What a wonderful smoke. 

This Cigar is aged 300 days after being wrapped.


----------



## azpostal (Jul 12, 2008)

Cool, where did you find them? I've been looking for them all year and can't seem to find them locally.


----------



## adrianganem (Mar 25, 2009)

azpostal said:


> Cool, where did you find them? I've been looking for them all year and can't seem to find them locally.
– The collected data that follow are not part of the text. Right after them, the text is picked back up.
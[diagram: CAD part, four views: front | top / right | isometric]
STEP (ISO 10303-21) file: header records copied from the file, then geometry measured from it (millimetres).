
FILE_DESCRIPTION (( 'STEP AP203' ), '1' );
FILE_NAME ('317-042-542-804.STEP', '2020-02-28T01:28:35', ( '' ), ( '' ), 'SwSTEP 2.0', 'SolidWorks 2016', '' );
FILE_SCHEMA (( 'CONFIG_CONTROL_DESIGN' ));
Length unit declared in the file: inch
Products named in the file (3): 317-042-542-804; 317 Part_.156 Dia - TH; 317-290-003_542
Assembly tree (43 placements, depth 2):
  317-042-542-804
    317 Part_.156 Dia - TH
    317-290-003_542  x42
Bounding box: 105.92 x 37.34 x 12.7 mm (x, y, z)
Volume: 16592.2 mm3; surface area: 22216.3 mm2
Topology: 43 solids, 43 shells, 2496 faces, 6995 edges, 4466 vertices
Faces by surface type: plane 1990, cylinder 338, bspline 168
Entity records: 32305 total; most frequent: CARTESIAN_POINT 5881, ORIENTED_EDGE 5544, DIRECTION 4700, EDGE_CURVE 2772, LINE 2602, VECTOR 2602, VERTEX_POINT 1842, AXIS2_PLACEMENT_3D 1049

They had a box a my local Cigar shop. I was surprised when I saw them.


----------



## Rasagul (Dec 30, 2008)

Hey Postal give Ye Olde Pipe and Tabaco a call they are on 24th street south of camelback I think they have some.


----------



## Rmac58 (Dec 19, 2008)

Leon Jimenes are good cigars!


----------



## dataz722 (Mar 9, 2009)

I am a huge noob but I love those. It is the only one that I have bought and smoked a second one.


----------



## tx_tuff (Jun 16, 2007)

i really enjoyed this cigar myself. They have them in stock @ Leon Jimenes Cigars from SeriousCigars.com


----------



## docruger (Feb 12, 2009)

sounds like a good smoke. thanks for sharing


----------



## Mirrorlure7m (Dec 12, 2008)

azpostal said:


> Cool, where did you find them? I've been looking for them all year and can't seem to find them locally.


I bought mine from Corona Cigars in Orlando . And they had plenty there.


----------